Exercise - Copy exactly, from the beginning of the material below, every line up to and including the one holding "line L1 (-150.5839, 801.4)", with the pictures left out.

Available data -
-=-=-=-=-

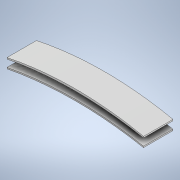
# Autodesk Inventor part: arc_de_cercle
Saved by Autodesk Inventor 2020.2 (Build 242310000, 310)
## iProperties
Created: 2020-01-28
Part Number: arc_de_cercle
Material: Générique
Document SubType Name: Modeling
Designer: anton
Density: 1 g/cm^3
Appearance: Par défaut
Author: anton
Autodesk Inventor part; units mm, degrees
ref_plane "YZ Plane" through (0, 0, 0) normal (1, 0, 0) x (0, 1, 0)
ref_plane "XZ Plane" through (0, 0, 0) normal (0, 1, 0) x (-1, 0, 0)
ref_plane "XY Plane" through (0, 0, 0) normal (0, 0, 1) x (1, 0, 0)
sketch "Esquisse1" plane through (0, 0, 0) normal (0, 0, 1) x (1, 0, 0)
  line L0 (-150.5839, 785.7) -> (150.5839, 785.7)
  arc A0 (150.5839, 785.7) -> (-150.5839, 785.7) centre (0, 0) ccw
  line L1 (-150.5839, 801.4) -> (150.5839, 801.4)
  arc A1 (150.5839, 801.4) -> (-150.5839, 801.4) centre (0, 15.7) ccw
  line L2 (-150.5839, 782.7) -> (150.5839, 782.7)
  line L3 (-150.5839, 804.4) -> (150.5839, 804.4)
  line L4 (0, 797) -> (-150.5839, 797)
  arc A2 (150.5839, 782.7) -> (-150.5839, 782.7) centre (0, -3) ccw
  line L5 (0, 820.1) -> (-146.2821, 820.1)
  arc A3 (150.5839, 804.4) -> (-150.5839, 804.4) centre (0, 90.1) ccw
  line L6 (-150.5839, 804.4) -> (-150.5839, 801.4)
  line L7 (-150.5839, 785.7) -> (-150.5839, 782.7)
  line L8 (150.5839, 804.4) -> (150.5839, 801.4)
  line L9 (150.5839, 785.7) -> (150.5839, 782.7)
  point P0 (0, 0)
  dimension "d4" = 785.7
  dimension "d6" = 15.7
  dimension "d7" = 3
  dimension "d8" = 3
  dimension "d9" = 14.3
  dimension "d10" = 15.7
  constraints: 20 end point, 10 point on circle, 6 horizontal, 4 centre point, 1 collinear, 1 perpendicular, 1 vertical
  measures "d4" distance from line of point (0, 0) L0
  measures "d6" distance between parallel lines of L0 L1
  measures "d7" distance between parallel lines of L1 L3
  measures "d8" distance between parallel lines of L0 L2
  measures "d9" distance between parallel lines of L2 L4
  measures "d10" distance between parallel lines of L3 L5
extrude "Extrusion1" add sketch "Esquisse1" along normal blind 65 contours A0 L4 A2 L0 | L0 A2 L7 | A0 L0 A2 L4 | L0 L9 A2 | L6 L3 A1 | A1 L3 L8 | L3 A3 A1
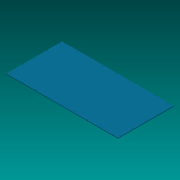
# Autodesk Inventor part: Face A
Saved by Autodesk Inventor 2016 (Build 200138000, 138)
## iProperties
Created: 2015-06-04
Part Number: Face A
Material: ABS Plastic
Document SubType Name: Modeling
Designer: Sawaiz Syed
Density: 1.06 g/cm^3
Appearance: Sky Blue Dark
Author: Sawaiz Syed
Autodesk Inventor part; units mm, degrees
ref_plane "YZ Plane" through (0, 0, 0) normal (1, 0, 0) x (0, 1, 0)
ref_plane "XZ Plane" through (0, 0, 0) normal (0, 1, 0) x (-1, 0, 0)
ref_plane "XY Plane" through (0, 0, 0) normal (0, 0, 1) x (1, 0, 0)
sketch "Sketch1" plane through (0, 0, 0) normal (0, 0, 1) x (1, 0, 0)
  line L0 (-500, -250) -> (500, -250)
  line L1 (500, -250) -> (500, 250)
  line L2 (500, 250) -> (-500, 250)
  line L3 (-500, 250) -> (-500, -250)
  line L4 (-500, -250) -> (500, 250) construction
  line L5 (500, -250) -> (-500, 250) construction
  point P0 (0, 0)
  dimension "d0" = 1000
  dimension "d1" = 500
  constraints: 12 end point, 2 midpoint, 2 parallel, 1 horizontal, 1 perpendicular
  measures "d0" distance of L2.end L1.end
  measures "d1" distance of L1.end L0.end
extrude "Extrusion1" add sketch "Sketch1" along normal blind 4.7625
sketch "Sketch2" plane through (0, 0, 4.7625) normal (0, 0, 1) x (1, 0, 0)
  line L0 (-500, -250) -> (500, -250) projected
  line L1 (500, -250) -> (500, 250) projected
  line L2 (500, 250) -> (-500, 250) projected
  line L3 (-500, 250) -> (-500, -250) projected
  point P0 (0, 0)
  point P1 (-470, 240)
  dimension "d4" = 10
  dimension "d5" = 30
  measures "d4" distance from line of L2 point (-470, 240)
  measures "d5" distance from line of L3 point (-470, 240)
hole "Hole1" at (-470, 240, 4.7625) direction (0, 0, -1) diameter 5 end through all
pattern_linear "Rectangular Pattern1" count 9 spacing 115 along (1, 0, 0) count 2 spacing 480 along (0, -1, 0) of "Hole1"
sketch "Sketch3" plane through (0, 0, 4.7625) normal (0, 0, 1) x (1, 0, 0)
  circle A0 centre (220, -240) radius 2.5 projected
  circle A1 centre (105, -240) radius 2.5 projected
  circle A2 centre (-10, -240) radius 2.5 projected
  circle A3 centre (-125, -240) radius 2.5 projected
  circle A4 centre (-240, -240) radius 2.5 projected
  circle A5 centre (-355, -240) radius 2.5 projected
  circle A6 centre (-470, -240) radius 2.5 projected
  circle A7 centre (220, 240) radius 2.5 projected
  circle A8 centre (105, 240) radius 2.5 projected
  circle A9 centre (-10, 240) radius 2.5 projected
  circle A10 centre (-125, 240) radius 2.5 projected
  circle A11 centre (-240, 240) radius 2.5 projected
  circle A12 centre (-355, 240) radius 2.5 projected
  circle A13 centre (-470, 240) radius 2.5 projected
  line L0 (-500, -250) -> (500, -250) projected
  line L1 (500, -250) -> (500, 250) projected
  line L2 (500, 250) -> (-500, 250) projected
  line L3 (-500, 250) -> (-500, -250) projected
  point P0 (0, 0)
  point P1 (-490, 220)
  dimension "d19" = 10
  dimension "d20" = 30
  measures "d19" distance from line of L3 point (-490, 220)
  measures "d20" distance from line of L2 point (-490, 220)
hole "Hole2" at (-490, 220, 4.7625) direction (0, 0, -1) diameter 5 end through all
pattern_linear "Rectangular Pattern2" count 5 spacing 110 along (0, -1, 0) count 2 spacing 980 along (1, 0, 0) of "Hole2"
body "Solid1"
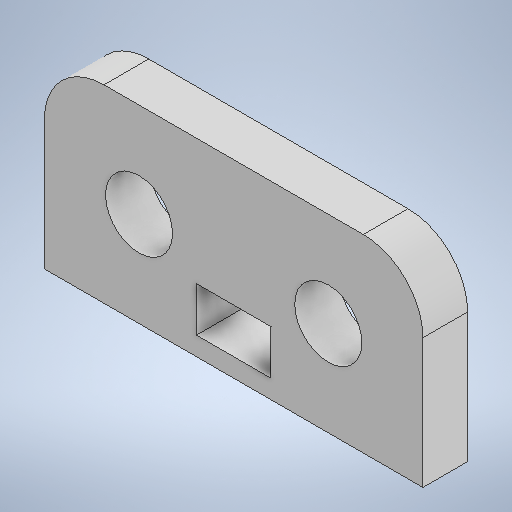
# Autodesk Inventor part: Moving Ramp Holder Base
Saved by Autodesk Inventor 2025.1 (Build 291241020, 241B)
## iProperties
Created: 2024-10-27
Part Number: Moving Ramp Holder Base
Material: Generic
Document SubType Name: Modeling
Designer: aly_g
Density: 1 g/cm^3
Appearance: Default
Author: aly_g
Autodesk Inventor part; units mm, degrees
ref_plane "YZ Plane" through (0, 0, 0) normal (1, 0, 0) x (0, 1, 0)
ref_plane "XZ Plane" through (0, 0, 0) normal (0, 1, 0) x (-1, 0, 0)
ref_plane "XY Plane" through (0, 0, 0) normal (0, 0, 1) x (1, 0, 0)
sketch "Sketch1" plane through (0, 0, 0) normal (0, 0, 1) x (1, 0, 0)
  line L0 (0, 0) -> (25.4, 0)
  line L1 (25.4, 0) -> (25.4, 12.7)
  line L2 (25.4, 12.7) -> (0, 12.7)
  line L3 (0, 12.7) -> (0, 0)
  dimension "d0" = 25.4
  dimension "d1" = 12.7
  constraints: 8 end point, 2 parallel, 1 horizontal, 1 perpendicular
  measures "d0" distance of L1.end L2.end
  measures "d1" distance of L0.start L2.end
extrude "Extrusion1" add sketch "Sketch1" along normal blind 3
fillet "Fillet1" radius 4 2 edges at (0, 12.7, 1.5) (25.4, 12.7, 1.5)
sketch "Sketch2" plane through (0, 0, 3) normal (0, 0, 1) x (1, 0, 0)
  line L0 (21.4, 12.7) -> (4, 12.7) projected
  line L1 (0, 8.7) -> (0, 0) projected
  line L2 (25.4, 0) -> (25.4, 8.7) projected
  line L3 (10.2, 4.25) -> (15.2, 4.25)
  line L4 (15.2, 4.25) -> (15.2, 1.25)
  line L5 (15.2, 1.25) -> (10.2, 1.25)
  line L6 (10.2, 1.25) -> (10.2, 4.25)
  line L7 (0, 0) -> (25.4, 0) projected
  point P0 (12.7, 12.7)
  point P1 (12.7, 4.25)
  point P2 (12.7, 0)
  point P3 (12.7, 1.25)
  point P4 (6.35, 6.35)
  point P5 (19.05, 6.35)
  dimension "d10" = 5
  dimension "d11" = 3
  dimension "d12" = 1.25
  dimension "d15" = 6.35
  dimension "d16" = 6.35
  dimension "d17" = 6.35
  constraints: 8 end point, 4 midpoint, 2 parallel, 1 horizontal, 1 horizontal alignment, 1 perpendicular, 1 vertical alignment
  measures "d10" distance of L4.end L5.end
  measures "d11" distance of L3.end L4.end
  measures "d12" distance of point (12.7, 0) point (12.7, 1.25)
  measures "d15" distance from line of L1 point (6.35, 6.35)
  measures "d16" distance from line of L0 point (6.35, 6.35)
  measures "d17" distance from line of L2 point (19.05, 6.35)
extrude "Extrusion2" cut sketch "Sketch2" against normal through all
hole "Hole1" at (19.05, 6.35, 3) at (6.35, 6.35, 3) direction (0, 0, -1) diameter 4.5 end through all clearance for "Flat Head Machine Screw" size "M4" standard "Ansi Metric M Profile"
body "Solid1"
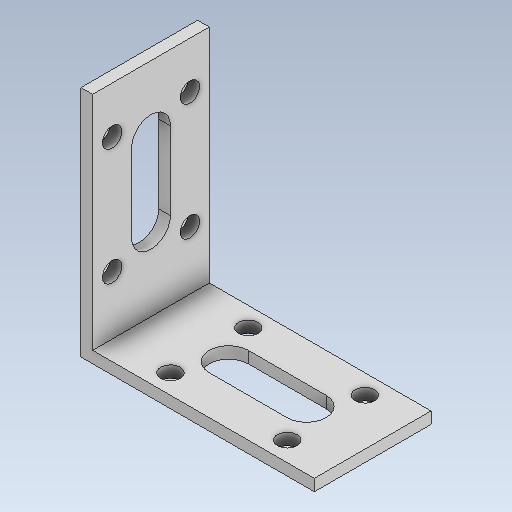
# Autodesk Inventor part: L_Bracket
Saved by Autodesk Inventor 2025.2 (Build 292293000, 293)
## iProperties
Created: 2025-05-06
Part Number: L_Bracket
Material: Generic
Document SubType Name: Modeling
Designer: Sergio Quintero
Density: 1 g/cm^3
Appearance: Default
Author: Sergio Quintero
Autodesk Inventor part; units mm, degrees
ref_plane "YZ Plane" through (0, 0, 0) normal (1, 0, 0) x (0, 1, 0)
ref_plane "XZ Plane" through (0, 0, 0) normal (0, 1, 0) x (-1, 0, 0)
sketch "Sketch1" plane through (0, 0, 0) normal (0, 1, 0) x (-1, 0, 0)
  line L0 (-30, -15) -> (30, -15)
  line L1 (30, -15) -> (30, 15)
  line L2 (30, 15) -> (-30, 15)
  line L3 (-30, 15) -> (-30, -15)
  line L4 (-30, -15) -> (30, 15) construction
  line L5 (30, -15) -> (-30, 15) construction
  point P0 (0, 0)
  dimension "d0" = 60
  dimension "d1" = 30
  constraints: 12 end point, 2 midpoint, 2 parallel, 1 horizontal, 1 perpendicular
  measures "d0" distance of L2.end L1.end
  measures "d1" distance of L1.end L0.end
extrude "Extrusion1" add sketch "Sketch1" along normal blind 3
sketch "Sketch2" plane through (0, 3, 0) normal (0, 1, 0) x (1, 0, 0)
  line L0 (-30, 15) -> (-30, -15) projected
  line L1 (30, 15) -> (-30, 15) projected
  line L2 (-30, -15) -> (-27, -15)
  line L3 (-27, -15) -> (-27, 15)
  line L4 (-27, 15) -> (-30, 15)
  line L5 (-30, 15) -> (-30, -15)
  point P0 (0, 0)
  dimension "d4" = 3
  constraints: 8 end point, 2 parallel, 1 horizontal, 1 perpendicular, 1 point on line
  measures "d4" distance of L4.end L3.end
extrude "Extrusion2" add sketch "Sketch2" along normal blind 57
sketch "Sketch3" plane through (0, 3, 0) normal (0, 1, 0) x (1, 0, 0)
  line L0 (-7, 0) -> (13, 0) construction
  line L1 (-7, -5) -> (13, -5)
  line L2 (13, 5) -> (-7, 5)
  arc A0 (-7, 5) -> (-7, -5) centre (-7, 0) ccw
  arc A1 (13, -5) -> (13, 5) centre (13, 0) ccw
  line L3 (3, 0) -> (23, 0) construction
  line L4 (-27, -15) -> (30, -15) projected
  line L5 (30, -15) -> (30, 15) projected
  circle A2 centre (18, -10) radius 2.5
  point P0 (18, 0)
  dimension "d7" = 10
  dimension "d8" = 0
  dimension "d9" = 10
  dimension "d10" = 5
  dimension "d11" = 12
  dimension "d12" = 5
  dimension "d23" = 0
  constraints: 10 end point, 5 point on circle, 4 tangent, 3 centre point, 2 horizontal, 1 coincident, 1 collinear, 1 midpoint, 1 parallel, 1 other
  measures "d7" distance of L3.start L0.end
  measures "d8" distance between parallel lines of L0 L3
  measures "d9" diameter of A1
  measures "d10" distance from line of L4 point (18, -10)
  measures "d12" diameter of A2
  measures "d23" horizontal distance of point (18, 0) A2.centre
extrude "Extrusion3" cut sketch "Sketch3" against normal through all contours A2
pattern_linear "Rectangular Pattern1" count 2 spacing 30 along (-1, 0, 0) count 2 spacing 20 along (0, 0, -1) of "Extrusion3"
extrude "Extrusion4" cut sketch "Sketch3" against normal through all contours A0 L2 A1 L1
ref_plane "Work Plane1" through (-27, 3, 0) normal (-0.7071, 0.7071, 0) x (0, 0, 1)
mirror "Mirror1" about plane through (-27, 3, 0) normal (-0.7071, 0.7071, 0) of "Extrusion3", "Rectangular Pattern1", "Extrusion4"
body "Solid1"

-=-=-=-=-

Response to the exercise -
# Autodesk Inventor part: arc_de_cercle
Saved by Autodesk Inventor 2020.2 (Build 242310000, 310)
## iProperties
Created: 2020-01-28
Part Number: arc_de_cercle
Material: Générique
Document SubType Name: Modeling
Designer: anton
Density: 1 g/cm^3
Appearance: Par défaut
Author: anton
Autodesk Inventor part; units mm, degrees
ref_plane "YZ Plane" through (0, 0, 0) normal (1, 0, 0) x (0, 1, 0)
ref_plane "XZ Plane" through (0, 0, 0) normal (0, 1, 0) x (-1, 0, 0)
ref_plane "XY Plane" through (0, 0, 0) normal (0, 0, 1) x (1, 0, 0)
sketch "Esquisse1" plane through (0, 0, 0) normal (0, 0, 1) x (1, 0, 0)
  line L0 (-150.5839, 785.7) -> (150.5839, 785.7)
  arc A0 (150.5839, 785.7) -> (-150.5839, 785.7) centre (0, 0) ccw
  line L1 (-150.5839, 801.4) -> (150.5839, 801.4)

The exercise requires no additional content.